A Design Lover's Dream on Block Island
The home designer Jens Risom built for his family endures five decades in.
While its incomparable views of Block Island Sound have remained steadfast, a few changes were made to the front of the house over the years. Originally designed in wood with a glass panel in the center, Jens swapped those plans for the all-glass design that makes the house so unusual. A front door was taken out in the first year because of the area’s high winds and, more recently, the framing was rebuilt for maintenance of the house.
No one would have faulted the Risoms for choosing to expand or renovate their nearly fifty-year-old Block Island summer home at some point over the years. Since their father, renowned Danish-born furniture designer Jens Risom, designed and built the home in 1967, the family has grown by eleven grand-children, making the need for more room seemingly imminent. But doing so would run contrary to the “less-is-more” philosophy that guided so much of the midcentury modern designer’s work and life, as well as his vision for the prefab glass-fronted structure that has stood the test of time for so many decades on a hill overlooking the island’s northern tip. It was that longing for a less complex life that first drew Risom to Block Island in the 1950s, when the family began to spend summers there. “He was drawn to the simplicity, the beauty of the island. To him, it was a lot like Denmark,” said Risom’s son, Sven, who now lives on the island year-round, in a house just down the street from the family summer retreat.
The house is filled with items collected over time. On one living room wall, old farm tools found on a local beach share space with art and a Danish warship that’s a nod to the family’s European roots.
Piece by Piece
Jens, who now lives in Connecticut and celebrated his one hundreth birthday this May, was a proponent of the prefab building model, which was rising in popularity in the 1960s when he designed the summer home. “His thinking was that you can build a much, much better wall in a factory or closed space and when you have control over your environment, it’s going to be better,” Sven explains. The A-frame structure sits at the end of a dirt road so well-divoted and thickly lined with brush that it’s hard to imagine how the house made its way in pieces from ferry to truck to its final resting place. The spot, which provides unfettered views of Block Island Sound and Rhode Island’s mainland beyond, was discovered by Jens’s wife while looking for a place to run the family’s Airedales that wouldn’t disturb a local farmer’s sheep, according to Sven’s sister, Peggy Risom Bull, who also has a home on the island.
The house can sleep up to twenty creatively, as it did during Sven’s son’s recent wedding, which was held on the lawn.
Very few changes aside from necessary maintenance were made to the house over the years, and the inside remains equally untouched.

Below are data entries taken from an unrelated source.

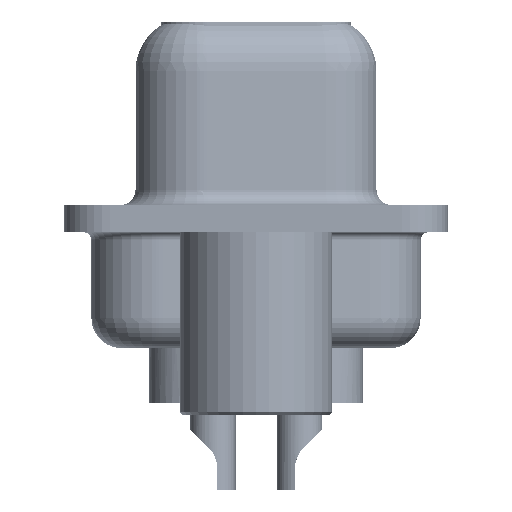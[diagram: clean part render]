
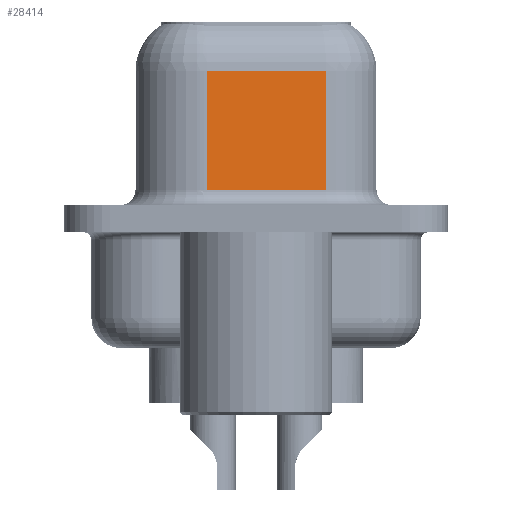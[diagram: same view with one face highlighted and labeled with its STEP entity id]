
A CAD part, left-side view. The second image highlights one B-rep face of the part: STEP entity #28414.
In plain terms, the highlighted planar face has unit normal (-0.985, -0.174, 0).
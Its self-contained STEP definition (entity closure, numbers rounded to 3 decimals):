
#93 = CARTESIAN_POINT ( 'NONE',  ( 5.068, -2.297, 4.85 ) ) ;
#1522 = FACE_OUTER_BOUND ( 'NONE', #22482, .T. ) ;
#1563 = CARTESIAN_POINT ( 'NONE',  ( 5.068, -2.297, 0.95 ) ) ;
#2537 = VECTOR ( 'NONE', #22606, 1000. ) ;
#4256 = EDGE_CURVE ( 'NONE', #19132, #9865, #14611, .T. ) ;
#5023 = CARTESIAN_POINT ( 'NONE',  ( 4.38, 1.603, 6.6 ) ) ;
#6509 = LINE ( 'NONE', #15868, #15990 ) ;
#8389 = PLANE ( 'NONE',  #13463 ) ;
#8701 = DIRECTION ( 'NONE',  ( 0., 0., -1. ) ) ;
#9865 = VERTEX_POINT ( 'NONE', #16088 ) ;
#10604 = VERTEX_POINT ( 'NONE', #19603 ) ;
#10669 = CARTESIAN_POINT ( 'NONE',  ( 5.068, -2.297, 4.85 ) ) ;
#11144 = ORIENTED_EDGE ( 'NONE', *, *, #4256, .T. ) ;
#11278 = VECTOR ( 'NONE', #29115, 1000. ) ;
#12156 = CARTESIAN_POINT ( 'NONE',  ( 4.38, 1.603, 0.95 ) ) ;
#12599 = ORIENTED_EDGE ( 'NONE', *, *, #15270, .T. ) ;
#13463 = AXIS2_PLACEMENT_3D ( 'NONE', #20546, #13689, #20844 ) ;
#13630 = EDGE_CURVE ( 'NONE', #19132, #10604, #6509, .T. ) ;
#13689 = DIRECTION ( 'NONE',  ( 0.985, 0.174, 0. ) ) ;
#14611 = LINE ( 'NONE', #93, #11278 ) ;
#15270 = EDGE_CURVE ( 'NONE', #18268, #10604, #25121, .T. ) ;
#15868 = CARTESIAN_POINT ( 'NONE',  ( 5.068, -2.297, 6.6 ) ) ;
#15990 = VECTOR ( 'NONE', #8701, 1000. ) ;
#16088 = CARTESIAN_POINT ( 'NONE',  ( 4.38, 1.603, 4.85 ) ) ;
#17030 = LINE ( 'NONE', #5023, #26684 ) ;
#18268 = VERTEX_POINT ( 'NONE', #12156 ) ;
#18562 = ORIENTED_EDGE ( 'NONE', *, *, #13630, .F. ) ;
#18882 = DIRECTION ( 'NONE',  ( 0., 0., -1. ) ) ;
#19132 = VERTEX_POINT ( 'NONE', #10669 ) ;
#19603 = CARTESIAN_POINT ( 'NONE',  ( 5.068, -2.297, 0.95 ) ) ;
#20546 = CARTESIAN_POINT ( 'NONE',  ( 5.068, -2.297, 6.6 ) ) ;
#20825 = EDGE_CURVE ( 'NONE', #9865, #18268, #17030, .T. ) ;
#20844 = DIRECTION ( 'NONE',  ( -0.174, 0.985, 0. ) ) ;
#22482 = EDGE_LOOP ( 'NONE', ( #18562, #11144, #23316, #12599 ) ) ;
#22606 = DIRECTION ( 'NONE',  ( 0.174, -0.985, 0. ) ) ;
#23316 = ORIENTED_EDGE ( 'NONE', *, *, #20825, .T. ) ;
#25121 = LINE ( 'NONE', #1563, #2537 ) ;
#26684 = VECTOR ( 'NONE', #18882, 1000. ) ;
#28414 = ADVANCED_FACE ( 'NONE', ( #1522 ), #8389, .F. ) ;
#29115 = DIRECTION ( 'NONE',  ( -0.174, 0.985, 0. ) ) ;
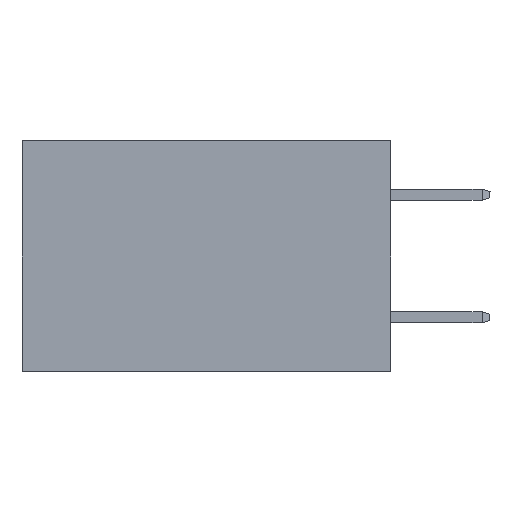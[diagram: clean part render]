
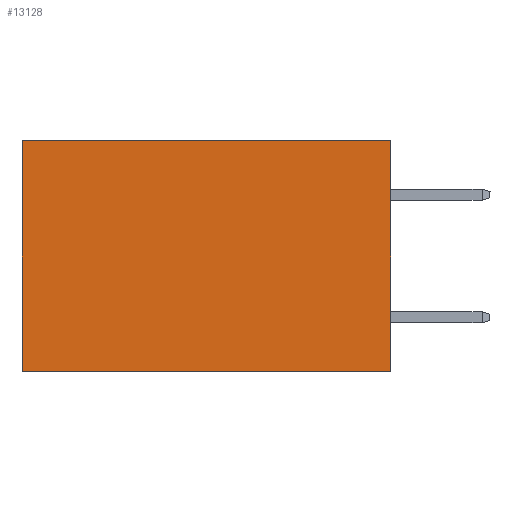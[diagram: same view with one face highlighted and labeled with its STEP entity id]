
A CAD part, left-side view. The second image highlights one B-rep face of the part: STEP entity #13128.
In plain terms, the highlighted planar face has unit normal (-1, 0, 0).
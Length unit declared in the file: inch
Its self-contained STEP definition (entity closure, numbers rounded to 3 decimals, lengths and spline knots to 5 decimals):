
#129 = PLANE ( 'NONE',  #6415 ) ;
#457 = CARTESIAN_POINT ( 'NONE',  ( 0.2875, 0., -0.375 ) ) ;
#940 = LINE ( 'NONE', #4008, #8405 ) ;
#953 = CARTESIAN_POINT ( 'NONE',  ( 0.2875, 0.6, -0.375 ) ) ;
#1546 = EDGE_CURVE ( 'NONE', #1628, #2058, #940, .T. ) ;
#1613 = CARTESIAN_POINT ( 'NONE',  ( 0.2875, 0., 0. ) ) ;
#1628 = VERTEX_POINT ( 'NONE', #3187 ) ;
#2058 = VERTEX_POINT ( 'NONE', #953 ) ;
#2233 = DIRECTION ( 'NONE',  ( 0., 0., -1. ) ) ;
#2610 = EDGE_CURVE ( 'NONE', #2623, #2058, #3461, .T. ) ;
#2623 = VERTEX_POINT ( 'NONE', #10615 ) ;
#2740 = VECTOR ( 'NONE', #6452, 39.37008 ) ;
#3020 = DIRECTION ( 'NONE',  ( 0., 0., -1. ) ) ;
#3187 = CARTESIAN_POINT ( 'NONE',  ( 0.2875, 0.6, 0. ) ) ;
#3461 = LINE ( 'NONE', #457, #2740 ) ;
#4008 = CARTESIAN_POINT ( 'NONE',  ( 0.2875, 0.6, -0.375 ) ) ;
#5664 = ORIENTED_EDGE ( 'NONE', *, *, #6076, .F. ) ;
#6076 = EDGE_CURVE ( 'NONE', #7219, #2623, #7104, .T. ) ;
#6415 = AXIS2_PLACEMENT_3D ( 'NONE', #7408, #7471, #2233 ) ;
#6452 = DIRECTION ( 'NONE',  ( 0., 1., 0. ) ) ;
#6810 = DIRECTION ( 'NONE',  ( 0., 1., 0. ) ) ;
#7095 = ORIENTED_EDGE ( 'NONE', *, *, #2610, .F. ) ;
#7104 = LINE ( 'NONE', #7235, #8006 ) ;
#7219 = VERTEX_POINT ( 'NONE', #1613 ) ;
#7235 = CARTESIAN_POINT ( 'NONE',  ( 0.2875, 0., -0.375 ) ) ;
#7339 = VECTOR ( 'NONE', #6810, 39.37008 ) ;
#7408 = CARTESIAN_POINT ( 'NONE',  ( 0.2875, 0., -0.375 ) ) ;
#7471 = DIRECTION ( 'NONE',  ( 1., 0., 0. ) ) ;
#8006 = VECTOR ( 'NONE', #3020, 39.37008 ) ;
#8109 = EDGE_CURVE ( 'NONE', #7219, #1628, #11937, .T. ) ;
#8156 = DIRECTION ( 'NONE',  ( 0., 0., -1. ) ) ;
#8405 = VECTOR ( 'NONE', #8156, 39.37008 ) ;
#8503 = FACE_OUTER_BOUND ( 'NONE', #9884, .T. ) ;
#9884 = EDGE_LOOP ( 'NONE', ( #10536, #7095, #5664, #13179 ) ) ;
#10536 = ORIENTED_EDGE ( 'NONE', *, *, #1546, .T. ) ;
#10615 = CARTESIAN_POINT ( 'NONE',  ( 0.2875, 0., -0.375 ) ) ;
#10849 = CARTESIAN_POINT ( 'NONE',  ( 0.2875, 0., 0. ) ) ;
#11937 = LINE ( 'NONE', #10849, #7339 ) ;
#13128 = ADVANCED_FACE ( 'NONE', ( #8503 ), #129, .F. ) ;
#13179 = ORIENTED_EDGE ( 'NONE', *, *, #8109, .T. ) ;

Jens, who was the first designer for Knoll Furniture Company and is credited with helping popularize midcentury modern style, designed most of the furniture, which still outfits the house today. The pieces’ clean lines and wooden frames look right at home under the rustic pine rafters, giving the whole house a deliberate sense of warmth and welcoming. “It’s the kind of house that you walk into and feel very comfortable very quickly,” Sven says. “You ease into it much like you ease into a great chair.” The layout, a large communal area with two bedrooms and a loft with more sleeping space overhead, was designed to unify its occupants. “Running away to a corner is not an option here,” Sven says. “My father loves open space and this home was about socializing.”
A deck wraps around three sides of the house to make optimal use of the outdoors.
All summer long, family comes from near and far, taking turns staying in the house in weeklong shifts. Board games, stored by the stack up in the loft, and a boombox in the living room are about as complex as the entertainment gets. Sven and Peggy recall summers spent sailing, taking long walks with their mother and two other siblings and bluefishing. Berry picking was another favorite pastime. “Our mother would make us whistle while we picked to be sure we weren’t eating all the berries,” recalls Peggy with a laugh. It’s that sense of simplicity that Jens envisioned when building the home and one the family strives to hold onto today. When fixes are made to the house, such as the shingles and chimney that were replaced over the years, they are done carefully and deliberately, so as not to upset the home’s character. In a world where “bigger is better” is the preferred model for just about everything, preserving the house’s unique charm takes its own kind of work, Sven says. “You have to force a house like this. People want to come in and update, make changes that would make it better. But for everyone in our family, it’s a really special place and we want to keep it the way it is.”